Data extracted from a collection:
*** Begin section ***

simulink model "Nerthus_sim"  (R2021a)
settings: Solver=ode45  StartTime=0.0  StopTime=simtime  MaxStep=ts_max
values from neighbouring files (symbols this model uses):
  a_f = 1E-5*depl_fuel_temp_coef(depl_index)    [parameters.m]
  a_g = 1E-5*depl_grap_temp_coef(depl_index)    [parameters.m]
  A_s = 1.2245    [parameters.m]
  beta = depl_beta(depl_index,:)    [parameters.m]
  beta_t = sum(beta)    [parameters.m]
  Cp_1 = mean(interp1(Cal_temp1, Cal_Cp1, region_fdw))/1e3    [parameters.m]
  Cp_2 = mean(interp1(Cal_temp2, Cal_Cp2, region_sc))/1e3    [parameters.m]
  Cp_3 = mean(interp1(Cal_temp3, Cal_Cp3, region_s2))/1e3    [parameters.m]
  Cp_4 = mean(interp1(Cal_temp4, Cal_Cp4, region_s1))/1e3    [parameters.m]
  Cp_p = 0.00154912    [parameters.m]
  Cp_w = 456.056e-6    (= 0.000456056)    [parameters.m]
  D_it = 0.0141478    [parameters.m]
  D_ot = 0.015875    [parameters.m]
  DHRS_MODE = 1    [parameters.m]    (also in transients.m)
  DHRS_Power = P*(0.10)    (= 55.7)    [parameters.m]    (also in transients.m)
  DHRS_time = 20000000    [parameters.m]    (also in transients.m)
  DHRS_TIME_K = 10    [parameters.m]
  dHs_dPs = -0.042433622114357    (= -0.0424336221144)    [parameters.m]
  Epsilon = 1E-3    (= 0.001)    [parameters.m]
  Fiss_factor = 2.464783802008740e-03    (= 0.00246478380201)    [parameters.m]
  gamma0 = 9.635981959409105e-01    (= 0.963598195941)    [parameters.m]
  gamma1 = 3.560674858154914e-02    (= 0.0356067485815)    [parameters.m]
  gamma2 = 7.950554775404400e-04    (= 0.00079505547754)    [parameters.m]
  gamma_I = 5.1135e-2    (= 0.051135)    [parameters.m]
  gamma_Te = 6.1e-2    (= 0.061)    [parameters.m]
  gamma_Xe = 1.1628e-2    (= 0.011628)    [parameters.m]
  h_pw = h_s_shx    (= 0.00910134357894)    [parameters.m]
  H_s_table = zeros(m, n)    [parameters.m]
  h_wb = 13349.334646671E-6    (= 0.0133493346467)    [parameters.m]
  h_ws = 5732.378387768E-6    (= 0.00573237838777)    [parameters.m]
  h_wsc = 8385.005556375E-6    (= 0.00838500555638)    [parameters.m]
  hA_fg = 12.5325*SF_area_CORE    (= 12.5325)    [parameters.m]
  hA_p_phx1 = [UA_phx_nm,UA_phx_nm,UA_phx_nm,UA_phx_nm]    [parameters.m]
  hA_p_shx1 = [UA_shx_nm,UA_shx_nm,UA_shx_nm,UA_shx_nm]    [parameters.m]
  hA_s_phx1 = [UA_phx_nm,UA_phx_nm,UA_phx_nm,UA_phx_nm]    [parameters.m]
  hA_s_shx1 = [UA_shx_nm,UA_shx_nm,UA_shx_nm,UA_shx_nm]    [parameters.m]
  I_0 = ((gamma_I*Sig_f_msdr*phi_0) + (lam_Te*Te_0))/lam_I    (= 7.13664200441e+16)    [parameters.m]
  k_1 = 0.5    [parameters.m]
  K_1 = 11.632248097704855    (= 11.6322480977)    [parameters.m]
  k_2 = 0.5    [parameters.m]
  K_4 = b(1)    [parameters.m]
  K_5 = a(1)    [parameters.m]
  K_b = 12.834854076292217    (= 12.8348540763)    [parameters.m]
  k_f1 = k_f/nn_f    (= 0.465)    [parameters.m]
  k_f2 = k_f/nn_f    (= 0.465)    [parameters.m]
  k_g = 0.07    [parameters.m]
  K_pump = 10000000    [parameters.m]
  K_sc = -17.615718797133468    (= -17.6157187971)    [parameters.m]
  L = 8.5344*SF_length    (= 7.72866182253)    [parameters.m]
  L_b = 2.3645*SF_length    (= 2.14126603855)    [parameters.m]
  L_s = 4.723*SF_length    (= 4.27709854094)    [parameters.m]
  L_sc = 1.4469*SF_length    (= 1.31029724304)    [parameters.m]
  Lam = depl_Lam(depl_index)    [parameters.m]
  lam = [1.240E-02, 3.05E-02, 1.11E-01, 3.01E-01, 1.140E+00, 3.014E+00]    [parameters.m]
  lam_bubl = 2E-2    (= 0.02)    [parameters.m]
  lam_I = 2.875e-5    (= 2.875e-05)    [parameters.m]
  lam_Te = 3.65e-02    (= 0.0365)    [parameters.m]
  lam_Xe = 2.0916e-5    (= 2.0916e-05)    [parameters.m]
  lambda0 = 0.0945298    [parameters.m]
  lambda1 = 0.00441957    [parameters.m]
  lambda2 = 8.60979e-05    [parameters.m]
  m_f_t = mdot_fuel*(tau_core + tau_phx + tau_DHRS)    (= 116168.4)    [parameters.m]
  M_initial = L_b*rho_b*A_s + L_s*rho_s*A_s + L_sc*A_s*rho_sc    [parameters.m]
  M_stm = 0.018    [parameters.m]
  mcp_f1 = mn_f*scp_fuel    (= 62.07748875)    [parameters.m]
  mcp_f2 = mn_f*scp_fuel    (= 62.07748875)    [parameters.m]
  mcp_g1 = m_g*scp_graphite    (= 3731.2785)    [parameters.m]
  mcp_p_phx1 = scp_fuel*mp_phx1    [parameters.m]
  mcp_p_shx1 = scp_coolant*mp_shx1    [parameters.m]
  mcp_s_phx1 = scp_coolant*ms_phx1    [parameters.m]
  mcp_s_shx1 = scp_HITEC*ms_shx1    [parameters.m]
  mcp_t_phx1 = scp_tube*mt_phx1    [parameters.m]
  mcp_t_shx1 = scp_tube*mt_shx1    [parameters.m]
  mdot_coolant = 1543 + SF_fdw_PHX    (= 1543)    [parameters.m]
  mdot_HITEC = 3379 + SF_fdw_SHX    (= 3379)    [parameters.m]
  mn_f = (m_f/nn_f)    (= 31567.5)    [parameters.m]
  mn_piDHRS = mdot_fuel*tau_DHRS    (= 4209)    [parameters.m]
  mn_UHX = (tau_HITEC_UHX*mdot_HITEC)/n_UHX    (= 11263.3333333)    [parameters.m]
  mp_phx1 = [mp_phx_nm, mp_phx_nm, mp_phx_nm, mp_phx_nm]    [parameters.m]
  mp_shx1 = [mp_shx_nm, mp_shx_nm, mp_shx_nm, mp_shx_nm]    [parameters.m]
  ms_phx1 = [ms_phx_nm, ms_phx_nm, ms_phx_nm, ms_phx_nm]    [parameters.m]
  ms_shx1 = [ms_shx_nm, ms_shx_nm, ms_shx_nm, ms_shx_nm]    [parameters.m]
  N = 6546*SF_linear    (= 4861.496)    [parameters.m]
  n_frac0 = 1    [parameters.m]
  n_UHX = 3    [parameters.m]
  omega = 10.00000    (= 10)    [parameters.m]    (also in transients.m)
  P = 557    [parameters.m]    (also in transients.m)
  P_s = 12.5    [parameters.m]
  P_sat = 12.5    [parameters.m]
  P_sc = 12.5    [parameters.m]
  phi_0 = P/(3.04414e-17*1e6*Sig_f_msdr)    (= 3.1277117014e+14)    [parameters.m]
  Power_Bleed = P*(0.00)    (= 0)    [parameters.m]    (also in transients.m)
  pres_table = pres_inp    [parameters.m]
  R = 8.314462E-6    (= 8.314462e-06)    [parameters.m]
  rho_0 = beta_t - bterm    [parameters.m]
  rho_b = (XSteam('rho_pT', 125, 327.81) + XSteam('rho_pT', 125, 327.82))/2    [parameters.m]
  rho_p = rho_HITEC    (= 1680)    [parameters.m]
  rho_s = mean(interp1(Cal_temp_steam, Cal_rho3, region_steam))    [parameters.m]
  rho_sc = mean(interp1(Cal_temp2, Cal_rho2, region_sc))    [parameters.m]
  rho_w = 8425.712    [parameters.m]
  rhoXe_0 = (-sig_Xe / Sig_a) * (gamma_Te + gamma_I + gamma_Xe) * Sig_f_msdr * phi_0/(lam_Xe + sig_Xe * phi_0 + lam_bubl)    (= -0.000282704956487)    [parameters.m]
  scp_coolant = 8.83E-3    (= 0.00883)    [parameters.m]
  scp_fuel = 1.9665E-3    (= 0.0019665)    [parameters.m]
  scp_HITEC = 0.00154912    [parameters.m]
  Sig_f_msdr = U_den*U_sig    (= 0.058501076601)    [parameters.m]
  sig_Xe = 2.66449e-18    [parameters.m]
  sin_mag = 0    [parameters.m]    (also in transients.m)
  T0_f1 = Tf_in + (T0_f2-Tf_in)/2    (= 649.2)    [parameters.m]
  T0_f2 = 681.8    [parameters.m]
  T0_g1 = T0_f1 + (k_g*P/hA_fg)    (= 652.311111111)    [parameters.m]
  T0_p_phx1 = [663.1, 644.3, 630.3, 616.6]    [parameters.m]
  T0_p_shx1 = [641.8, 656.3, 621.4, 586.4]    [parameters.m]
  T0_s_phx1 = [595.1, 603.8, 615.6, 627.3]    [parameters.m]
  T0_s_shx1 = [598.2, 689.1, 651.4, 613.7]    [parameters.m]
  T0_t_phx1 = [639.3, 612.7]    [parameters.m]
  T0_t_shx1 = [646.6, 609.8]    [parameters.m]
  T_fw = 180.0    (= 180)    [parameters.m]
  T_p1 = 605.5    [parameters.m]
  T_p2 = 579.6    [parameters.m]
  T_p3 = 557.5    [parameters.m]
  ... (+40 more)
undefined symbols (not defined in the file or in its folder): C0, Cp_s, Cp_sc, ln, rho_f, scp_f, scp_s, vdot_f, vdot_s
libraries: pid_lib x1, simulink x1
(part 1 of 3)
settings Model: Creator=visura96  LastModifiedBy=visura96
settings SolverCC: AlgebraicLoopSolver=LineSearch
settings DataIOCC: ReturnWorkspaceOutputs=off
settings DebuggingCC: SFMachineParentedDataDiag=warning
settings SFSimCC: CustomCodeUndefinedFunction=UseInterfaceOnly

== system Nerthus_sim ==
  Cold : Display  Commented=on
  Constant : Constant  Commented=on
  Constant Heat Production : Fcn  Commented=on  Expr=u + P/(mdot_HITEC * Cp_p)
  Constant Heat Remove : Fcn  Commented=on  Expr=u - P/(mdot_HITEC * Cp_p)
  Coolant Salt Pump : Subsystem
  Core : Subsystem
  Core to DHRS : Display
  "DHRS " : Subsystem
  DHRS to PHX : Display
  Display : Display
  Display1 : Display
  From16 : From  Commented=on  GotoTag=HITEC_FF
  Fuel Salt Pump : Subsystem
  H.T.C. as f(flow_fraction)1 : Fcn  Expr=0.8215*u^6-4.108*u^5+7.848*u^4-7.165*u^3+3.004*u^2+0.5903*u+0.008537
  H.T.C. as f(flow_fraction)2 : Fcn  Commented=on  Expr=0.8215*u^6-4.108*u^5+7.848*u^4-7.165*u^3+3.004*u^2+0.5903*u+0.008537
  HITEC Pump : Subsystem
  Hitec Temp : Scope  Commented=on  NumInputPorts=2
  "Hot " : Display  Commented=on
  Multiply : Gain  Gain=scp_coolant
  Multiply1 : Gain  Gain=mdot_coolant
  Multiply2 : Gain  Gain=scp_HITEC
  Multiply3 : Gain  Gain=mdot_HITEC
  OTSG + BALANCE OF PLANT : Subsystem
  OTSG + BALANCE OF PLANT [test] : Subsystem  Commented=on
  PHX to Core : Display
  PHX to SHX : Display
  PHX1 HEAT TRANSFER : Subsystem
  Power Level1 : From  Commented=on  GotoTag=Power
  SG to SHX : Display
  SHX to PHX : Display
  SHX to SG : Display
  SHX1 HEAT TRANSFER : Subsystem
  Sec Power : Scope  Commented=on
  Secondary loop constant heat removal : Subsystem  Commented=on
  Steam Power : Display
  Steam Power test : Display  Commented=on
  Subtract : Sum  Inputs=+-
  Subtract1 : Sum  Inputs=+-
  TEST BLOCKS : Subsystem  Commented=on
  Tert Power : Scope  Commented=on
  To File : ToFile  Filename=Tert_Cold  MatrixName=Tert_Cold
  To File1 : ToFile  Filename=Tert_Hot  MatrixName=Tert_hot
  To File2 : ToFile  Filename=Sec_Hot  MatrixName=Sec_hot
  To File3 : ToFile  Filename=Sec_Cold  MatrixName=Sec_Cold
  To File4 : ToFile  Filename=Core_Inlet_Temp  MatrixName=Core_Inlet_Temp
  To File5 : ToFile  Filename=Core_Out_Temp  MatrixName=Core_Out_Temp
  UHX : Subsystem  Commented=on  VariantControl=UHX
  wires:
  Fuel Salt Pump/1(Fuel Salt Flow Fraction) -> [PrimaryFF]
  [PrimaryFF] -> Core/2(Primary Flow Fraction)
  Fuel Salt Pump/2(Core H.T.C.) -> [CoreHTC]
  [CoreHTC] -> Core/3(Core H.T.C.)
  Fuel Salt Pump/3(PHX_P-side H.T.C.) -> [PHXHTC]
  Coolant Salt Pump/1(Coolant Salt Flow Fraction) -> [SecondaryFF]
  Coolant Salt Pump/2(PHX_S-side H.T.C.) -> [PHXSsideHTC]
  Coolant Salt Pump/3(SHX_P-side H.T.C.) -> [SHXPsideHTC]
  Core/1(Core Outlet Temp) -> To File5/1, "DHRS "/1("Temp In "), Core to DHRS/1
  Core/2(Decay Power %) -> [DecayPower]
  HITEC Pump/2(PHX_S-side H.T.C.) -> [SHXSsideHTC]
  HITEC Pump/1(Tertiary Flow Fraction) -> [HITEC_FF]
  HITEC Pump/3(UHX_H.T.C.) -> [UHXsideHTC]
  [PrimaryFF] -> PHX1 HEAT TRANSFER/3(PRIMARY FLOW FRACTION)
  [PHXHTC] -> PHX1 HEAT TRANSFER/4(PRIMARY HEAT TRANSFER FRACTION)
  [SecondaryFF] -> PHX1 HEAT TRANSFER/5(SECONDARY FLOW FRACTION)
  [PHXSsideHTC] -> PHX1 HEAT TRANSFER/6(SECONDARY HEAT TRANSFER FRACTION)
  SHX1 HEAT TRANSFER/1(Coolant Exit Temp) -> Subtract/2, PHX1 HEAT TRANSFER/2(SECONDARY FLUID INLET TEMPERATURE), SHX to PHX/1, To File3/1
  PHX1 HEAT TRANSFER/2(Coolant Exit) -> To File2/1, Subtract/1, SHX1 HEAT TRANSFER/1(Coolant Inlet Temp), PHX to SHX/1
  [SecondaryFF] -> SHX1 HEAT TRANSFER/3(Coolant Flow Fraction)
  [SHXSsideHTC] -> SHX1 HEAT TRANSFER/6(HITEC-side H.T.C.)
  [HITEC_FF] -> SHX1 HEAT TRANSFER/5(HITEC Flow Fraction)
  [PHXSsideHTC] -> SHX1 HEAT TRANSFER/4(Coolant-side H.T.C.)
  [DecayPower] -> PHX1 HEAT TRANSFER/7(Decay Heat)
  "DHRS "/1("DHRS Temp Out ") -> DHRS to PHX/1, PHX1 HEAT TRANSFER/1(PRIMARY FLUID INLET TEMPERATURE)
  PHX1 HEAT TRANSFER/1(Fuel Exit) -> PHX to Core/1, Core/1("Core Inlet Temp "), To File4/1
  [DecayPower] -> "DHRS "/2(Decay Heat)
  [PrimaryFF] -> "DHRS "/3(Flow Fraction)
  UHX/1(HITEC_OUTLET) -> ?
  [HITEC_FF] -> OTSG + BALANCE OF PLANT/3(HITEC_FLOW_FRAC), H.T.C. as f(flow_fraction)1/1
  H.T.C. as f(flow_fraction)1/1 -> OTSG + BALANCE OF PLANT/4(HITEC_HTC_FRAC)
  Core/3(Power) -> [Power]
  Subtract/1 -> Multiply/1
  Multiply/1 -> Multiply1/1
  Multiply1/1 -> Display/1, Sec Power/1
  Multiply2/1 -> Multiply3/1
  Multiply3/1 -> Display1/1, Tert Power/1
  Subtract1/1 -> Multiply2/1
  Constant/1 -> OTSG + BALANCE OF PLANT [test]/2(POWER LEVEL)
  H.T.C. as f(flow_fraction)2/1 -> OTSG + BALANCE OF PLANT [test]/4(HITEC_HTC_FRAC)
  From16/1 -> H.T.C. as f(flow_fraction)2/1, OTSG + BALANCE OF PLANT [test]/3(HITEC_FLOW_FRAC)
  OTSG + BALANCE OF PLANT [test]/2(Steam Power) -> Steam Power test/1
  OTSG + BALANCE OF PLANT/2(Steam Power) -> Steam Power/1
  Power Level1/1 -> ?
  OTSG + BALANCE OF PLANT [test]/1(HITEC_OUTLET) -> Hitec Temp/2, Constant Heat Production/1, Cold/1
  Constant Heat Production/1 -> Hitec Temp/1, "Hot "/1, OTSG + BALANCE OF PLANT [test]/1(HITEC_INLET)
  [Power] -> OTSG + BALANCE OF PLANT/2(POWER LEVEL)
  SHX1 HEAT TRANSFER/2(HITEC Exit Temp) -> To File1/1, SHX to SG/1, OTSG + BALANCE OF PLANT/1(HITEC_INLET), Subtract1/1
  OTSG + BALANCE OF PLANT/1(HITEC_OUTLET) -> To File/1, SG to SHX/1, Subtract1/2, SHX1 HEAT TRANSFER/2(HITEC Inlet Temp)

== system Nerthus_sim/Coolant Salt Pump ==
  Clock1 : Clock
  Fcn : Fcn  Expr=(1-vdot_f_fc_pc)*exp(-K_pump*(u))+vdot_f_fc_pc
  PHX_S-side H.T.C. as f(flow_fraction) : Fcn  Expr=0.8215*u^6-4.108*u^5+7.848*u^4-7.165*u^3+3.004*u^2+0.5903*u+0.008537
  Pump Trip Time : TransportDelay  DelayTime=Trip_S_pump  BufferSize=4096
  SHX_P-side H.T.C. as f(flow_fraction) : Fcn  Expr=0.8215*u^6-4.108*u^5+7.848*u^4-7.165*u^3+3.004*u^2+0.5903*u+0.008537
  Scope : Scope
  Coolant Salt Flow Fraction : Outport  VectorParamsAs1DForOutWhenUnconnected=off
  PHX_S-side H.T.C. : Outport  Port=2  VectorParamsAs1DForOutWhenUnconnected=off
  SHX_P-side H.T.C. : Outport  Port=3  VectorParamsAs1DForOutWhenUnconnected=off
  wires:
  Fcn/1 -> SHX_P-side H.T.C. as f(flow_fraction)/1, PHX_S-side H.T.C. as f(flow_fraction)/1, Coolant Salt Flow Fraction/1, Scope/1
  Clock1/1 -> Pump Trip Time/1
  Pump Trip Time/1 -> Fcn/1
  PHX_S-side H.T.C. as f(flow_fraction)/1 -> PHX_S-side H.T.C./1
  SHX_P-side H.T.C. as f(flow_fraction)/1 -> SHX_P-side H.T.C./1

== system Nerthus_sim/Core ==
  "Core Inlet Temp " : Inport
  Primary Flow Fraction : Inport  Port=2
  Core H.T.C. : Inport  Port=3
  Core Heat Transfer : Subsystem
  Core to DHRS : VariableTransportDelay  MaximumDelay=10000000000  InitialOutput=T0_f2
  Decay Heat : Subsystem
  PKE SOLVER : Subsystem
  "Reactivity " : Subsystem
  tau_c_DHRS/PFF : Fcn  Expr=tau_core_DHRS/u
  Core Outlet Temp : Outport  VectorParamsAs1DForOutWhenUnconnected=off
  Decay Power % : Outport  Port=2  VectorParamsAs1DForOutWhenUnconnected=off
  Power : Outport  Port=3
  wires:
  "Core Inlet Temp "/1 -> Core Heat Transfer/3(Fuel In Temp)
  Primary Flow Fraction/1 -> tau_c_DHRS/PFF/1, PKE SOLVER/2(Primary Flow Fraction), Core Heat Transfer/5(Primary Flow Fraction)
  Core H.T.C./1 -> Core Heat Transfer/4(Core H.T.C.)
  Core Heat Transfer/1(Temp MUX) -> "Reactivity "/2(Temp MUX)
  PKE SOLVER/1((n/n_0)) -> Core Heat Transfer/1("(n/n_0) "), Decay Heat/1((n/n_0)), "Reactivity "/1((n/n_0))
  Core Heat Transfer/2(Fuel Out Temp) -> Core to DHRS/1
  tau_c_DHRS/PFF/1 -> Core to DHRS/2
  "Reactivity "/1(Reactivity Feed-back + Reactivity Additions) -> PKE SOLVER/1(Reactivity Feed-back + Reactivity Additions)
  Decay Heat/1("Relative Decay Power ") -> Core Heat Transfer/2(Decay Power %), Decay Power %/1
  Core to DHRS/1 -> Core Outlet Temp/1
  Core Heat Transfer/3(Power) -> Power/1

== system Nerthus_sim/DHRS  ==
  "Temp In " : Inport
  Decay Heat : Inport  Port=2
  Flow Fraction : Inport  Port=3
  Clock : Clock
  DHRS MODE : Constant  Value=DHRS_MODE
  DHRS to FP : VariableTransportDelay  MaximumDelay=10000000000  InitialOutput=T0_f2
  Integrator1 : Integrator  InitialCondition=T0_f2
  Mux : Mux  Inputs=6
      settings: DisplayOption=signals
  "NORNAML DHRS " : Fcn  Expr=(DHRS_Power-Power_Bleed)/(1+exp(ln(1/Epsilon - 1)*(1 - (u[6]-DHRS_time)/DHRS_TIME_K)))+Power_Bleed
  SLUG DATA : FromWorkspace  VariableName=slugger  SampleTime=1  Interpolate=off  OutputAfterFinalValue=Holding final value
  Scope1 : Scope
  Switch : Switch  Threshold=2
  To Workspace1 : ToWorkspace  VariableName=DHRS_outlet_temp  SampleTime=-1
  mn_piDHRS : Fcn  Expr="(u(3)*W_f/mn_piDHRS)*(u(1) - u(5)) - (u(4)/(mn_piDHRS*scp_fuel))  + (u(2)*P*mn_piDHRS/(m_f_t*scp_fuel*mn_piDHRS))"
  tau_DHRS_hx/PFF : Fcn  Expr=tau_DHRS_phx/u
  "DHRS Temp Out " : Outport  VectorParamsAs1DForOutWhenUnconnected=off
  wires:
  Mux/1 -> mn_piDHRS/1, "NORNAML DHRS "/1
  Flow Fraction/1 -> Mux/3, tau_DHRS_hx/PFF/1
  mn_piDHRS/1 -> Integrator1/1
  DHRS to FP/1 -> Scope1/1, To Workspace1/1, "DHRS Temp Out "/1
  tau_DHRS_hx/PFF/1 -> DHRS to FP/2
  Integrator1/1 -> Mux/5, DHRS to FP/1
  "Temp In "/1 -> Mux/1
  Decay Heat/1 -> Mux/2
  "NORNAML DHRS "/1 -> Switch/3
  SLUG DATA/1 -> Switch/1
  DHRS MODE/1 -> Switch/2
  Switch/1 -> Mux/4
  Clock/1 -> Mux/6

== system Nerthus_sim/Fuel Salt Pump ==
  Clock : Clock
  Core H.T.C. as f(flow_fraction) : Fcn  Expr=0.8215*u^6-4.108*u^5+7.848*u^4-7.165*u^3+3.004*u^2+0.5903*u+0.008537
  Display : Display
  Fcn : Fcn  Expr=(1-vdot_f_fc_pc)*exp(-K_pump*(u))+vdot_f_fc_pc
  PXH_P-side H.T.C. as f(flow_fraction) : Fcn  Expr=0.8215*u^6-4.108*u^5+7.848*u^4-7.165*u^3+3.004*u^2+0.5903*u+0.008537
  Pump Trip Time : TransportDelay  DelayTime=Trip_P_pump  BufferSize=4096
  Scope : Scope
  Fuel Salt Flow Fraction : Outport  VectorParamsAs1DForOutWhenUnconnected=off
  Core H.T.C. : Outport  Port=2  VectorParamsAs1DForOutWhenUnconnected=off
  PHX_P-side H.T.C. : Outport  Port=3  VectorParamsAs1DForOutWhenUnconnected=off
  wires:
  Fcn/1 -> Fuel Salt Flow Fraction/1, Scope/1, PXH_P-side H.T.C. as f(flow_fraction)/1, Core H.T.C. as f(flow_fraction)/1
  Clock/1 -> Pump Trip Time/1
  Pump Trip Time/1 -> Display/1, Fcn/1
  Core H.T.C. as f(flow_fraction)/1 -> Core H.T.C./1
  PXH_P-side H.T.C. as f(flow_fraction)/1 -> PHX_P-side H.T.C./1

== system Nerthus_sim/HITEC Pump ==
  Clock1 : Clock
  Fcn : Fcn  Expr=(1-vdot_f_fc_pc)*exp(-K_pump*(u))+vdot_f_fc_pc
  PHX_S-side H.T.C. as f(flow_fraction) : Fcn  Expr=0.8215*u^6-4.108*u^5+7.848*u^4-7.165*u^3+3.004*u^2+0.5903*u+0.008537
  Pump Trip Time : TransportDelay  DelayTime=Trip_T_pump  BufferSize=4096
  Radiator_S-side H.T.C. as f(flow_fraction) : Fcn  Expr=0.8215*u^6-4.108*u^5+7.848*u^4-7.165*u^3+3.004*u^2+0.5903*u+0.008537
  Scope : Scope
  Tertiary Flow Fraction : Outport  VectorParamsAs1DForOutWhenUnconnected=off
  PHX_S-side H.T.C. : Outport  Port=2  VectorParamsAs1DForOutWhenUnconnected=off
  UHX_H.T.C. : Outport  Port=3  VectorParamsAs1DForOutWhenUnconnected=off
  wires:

*** End section ***

Work item: Above are records; repeat only the lines starting at the line with "[PHXHTC] -> PHX1" and ending at the line with "UHX/1(HITEC_OUTLET) -> ?", exactly as they appear, both included.

Reply to the exercise:
  [PHXHTC] -> PHX1 HEAT TRANSFER/4(PRIMARY HEAT TRANSFER FRACTION)
  [SecondaryFF] -> PHX1 HEAT TRANSFER/5(SECONDARY FLOW FRACTION)
  [PHXSsideHTC] -> PHX1 HEAT TRANSFER/6(SECONDARY HEAT TRANSFER FRACTION)
  SHX1 HEAT TRANSFER/1(Coolant Exit Temp) -> Subtract/2, PHX1 HEAT TRANSFER/2(SECONDARY FLUID INLET TEMPERATURE), SHX to PHX/1, To File3/1
  PHX1 HEAT TRANSFER/2(Coolant Exit) -> To File2/1, Subtract/1, SHX1 HEAT TRANSFER/1(Coolant Inlet Temp), PHX to SHX/1
  [SecondaryFF] -> SHX1 HEAT TRANSFER/3(Coolant Flow Fraction)
  [SHXSsideHTC] -> SHX1 HEAT TRANSFER/6(HITEC-side H.T.C.)
  [HITEC_FF] -> SHX1 HEAT TRANSFER/5(HITEC Flow Fraction)
  [PHXSsideHTC] -> SHX1 HEAT TRANSFER/4(Coolant-side H.T.C.)
  [DecayPower] -> PHX1 HEAT TRANSFER/7(Decay Heat)
  "DHRS "/1("DHRS Temp Out ") -> DHRS to PHX/1, PHX1 HEAT TRANSFER/1(PRIMARY FLUID INLET TEMPERATURE)
  PHX1 HEAT TRANSFER/1(Fuel Exit) -> PHX to Core/1, Core/1("Core Inlet Temp "), To File4/1
  [DecayPower] -> "DHRS "/2(Decay Heat)
  [PrimaryFF] -> "DHRS "/3(Flow Fraction)
  UHX/1(HITEC_OUTLET) -> ?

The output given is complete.